Look for "units" in the records and copy every line that has it.

Dataset items:
"""

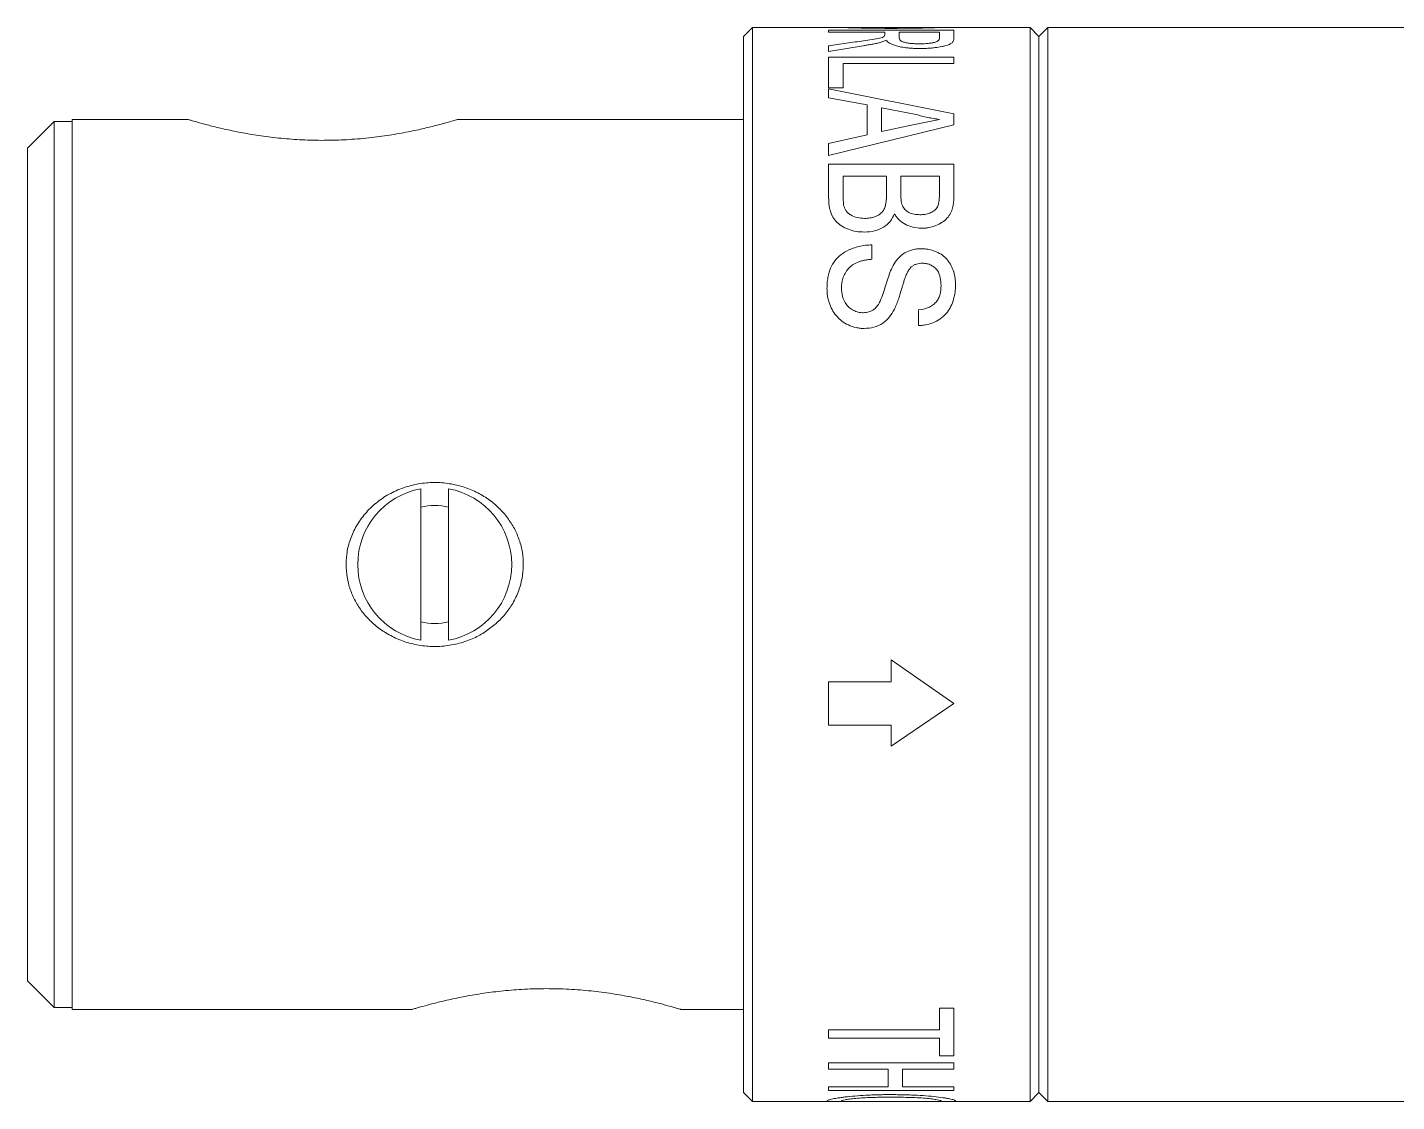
# Paper-space layout 'Sheet2' of a CAD drawing. Header units: inches. Extents: x 0.1 to 10.9, y 0 to 8.5.
# Drawn here: x 3.935 to 4.955, y 1.935 to 2.735 of the extents above; entities that cross this region are included whole.
import ezdxf

# ---------------------------------------------------------------- set-up
doc = ezdxf.new("R2010")
doc.units = ezdxf.units.IN
doc.header["$MEASUREMENT"] = 0

psp = doc.layouts.new('Sheet2')

# ---------------------------------------------------------------- linework, layer by layer
at = {"color": 7, "linetype": 'Continuous', "lineweight": 0}
for p, q in [((4.47538, 2.734802), (4.468714, 2.728135)), ((4.535513, 2.734802), (4.47538, 2.734802)), ((4.47538, 2.734802), (4.47538, 2.721172)), ((4.549469, 2.734802), (4.535513, 2.734802)), ((4.607939, 2.734802), (4.549469, 2.734802)), ((4.621786, 2.734802), (4.607939, 2.734802)), ((4.682047, 2.734802), (4.621786, 2.734802)), ((4.688714, 2.728135), (4.682047, 2.734802)), ((4.682047, 2.721172), (4.682047, 2.734802)), ((4.69538, 2.734802), (4.688714, 2.728135)), ((5.682047, 2.734802), (4.69538, 2.734802)), ((4.69538, 2.734802), (4.69538, 1.934802)), ((4.468714, 2.714732), (4.468714, 2.728135)), ((4.532047, 2.732733), (4.62538, 2.732733)), ((4.532047, 2.732733), (4.532047, 2.73118)), ((4.573927, 2.73118), (4.532047, 2.73118)), ((4.532047, 2.721085), (4.551753, 2.72394)), ((4.575124, 2.725217), (4.570525, 2.723574)), ((4.573497, 2.728007), (4.573927, 2.729146)), ((4.573927, 2.73118), (4.573927, 2.729146)), ((4.584697, 2.73118), (4.584697, 2.727053)), ((4.614611, 2.73118), (4.584697, 2.73118)), ((4.614611, 2.73118), (4.614611, 2.72649)), ((4.62538, 2.732733), (4.62538, 2.726588)), ((4.688714, 2.728135), (4.688714, 2.714732)), ((4.688714, 1.941468), (4.688714, 2.728135)), ((4.468714, 1.941468), (4.468714, 2.714732)), ((4.47538, 2.721172), (4.47538, 1.934802)), ((4.557811, 2.721143), (4.532047, 2.716893)), ((4.532047, 2.721085), (4.532047, 2.716893)), ((4.532047, 2.712554), (4.62538, 2.712554)), ((4.532047, 2.712554), (4.532047, 2.689843)), ((4.62538, 2.712554), (4.62538, 2.708022)), ((4.682047, 1.934802), (4.682047, 2.721172)), ((4.688714, 2.714732), (4.688714, 1.941468)), ((4.542816, 2.708022), (4.542816, 2.689843)), ((4.62538, 2.708022), (4.542816, 2.708022)), ((4.542816, 2.689843), (4.532047, 2.689843)), ((4.532047, 2.689108), (4.62538, 2.670414)), ((4.532047, 2.689108), (4.532047, 2.682411)), ((4.560765, 2.677035), (4.532047, 2.682411)), ((4.560765, 2.677035), (4.560765, 2.654782)), ((4.571534, 2.674967), (4.571534, 2.657145)), ((4.597373, 2.669844), (4.571534, 2.674967)), ((3.95538, 2.664802), (3.93538, 2.644802)), ((3.968714, 2.664802), (3.95538, 2.664802)), ((3.95538, 2.664802), (3.95538, 2.004802)), ((4.055481, 2.666135), (3.968714, 2.666135)), ((3.968714, 2.003468), (3.968714, 2.666135)), ((4.468714, 2.666135), (4.25538, 2.666135)), ((4.62538, 2.662108), (4.532047, 2.639434)), ((4.571534, 2.657145), (4.596064, 2.66243)), ((4.596064, 2.66243), (4.614611, 2.666318)), ((4.62538, 2.670414), (4.62538, 2.662108)), ((4.532047, 2.648297), (4.560765, 2.654782)), ((3.93538, 2.64473), (3.935452, 2.644802)), ((3.93538, 2.024873), (3.93538, 2.64473)), ((4.532047, 2.648297), (4.532047, 2.639434)), ((4.532047, 2.632882), (4.62538, 2.632882)), ((4.532047, 2.632882), (4.532047, 2.608404)), ((4.62538, 2.632882), (4.62538, 2.608472)), ((4.542816, 2.623945), (4.542816, 2.608254)), ((4.575124, 2.623945), (4.542816, 2.623945)), ((4.575124, 2.623945), (4.575124, 2.609357)), ((4.585893, 2.623945), (4.585893, 2.610321)), ((4.614611, 2.623945), (4.585893, 2.623945)), ((4.614611, 2.623945), (4.614611, 2.611377)), ((4.542816, 2.608254), (4.543265, 2.602374)), ((4.564355, 2.57285), (4.564355, 2.562145)), ((4.599056, 2.524401), (4.599056, 2.512711)), ((4.22838, 2.391196), (4.22838, 2.278407)), ((4.249047, 2.278407), (4.249047, 2.391196)), ((4.578714, 2.263794), (4.62538, 2.231274)), ((4.578714, 2.263794), (4.578714, 2.247458)), ((4.532047, 2.247458), (4.578714, 2.247458)), ((4.532047, 2.247458), (4.532047, 2.21527)), ((4.62538, 2.231274), (4.578714, 2.199473)), ((4.578714, 2.21527), (4.532047, 2.21527)), ((4.578714, 2.21527), (4.578714, 2.199473)), ((3.935452, 2.024802), (3.93538, 2.024873)), ((3.93538, 2.024802), (3.95538, 2.004802)), ((3.95538, 2.004802), (3.968714, 2.004802)), ((3.968714, 2.003468), (4.222047, 2.003468)), ((4.421946, 2.003468), (4.468714, 2.003468)), ((4.614611, 2.004271), (4.62538, 2.004271)), ((4.614611, 2.004271), (4.614611, 1.988363)), ((4.62538, 2.004271), (4.62538, 1.968878)), ((4.532047, 1.988363), (4.614611, 1.988363)), ((4.532047, 1.988363), (4.532047, 1.981972)), ((4.614611, 1.981972), (4.532047, 1.981972)), ((4.614611, 1.981972), (4.614611, 1.968878)), ((4.62538, 1.968878), (4.614611, 1.968878)), ((4.532047, 1.963761), (4.62538, 1.963761)), ((4.532047, 1.963761), (4.532047, 1.959046)), ((4.57632, 1.959046), (4.532047, 1.959046)), ((4.57632, 1.959046), (4.57632, 1.945915)), ((4.58709, 1.959046), (4.58709, 1.945915)), ((4.62538, 1.959046), (4.58709, 1.959046)), ((4.62538, 1.963761), (4.62538, 1.959046)), ((4.468714, 1.941468), (4.47538, 1.934802)), ((4.532047, 1.945915), (4.57632, 1.945915)), ((4.532047, 1.945915), (4.532047, 1.943045)), ((4.62538, 1.943045), (4.532047, 1.943045)), ((4.58709, 1.945915), (4.62538, 1.945915)), ((4.62538, 1.945915), (4.62538, 1.943045)), ((4.682047, 1.934802), (4.688714, 1.941468)), ((4.688714, 1.941468), (4.69538, 1.934802)), ((4.47538, 1.934802), (4.535513, 1.934802)), ((4.535513, 1.934802), (4.549469, 1.934802)), ((4.549469, 1.934802), (4.607939, 1.934802)), ((4.607939, 1.934802), (4.621786, 1.934802)), ((4.621786, 1.934802), (4.682047, 1.934802)), ((4.69538, 1.934802), (5.682047, 1.934802))]:
    psp.add_line(p, q, dxfattribs=at)
for radius, start, end in [(0.057333, 100.383306, 259.616694), (0.057333, 280.383306, 79.616694), (0.044004, 76.418652, 103.581348), (0.044004, 256.418652, 283.581348)]:
    psp.add_arc((4.238714, 2.334802), radius, start, end, dxfattribs=at)
at = {"color": 8, "linetype": 'Continuous', "lineweight": 0}
for points, knots in [([(4.578564, 2.734085), (4.57704, 2.734086), (4.573992, 2.73409), (4.569424, 2.73412), (4.564927, 2.734168), (4.559044, 2.734258), (4.552025, 2.734409), (4.544436, 2.734617), (4.539412, 2.734753), (4.536658, 2.734802), (4.535773, 2.734798), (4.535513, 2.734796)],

"""

RESPONSE TO THIS EXERCISE:
# Paper-space layout 'Sheet2' of a CAD drawing. Header units: inches. Extents: x 0.1 to 10.9, y 0 to 8.5.
doc.units = ezdxf.units.IN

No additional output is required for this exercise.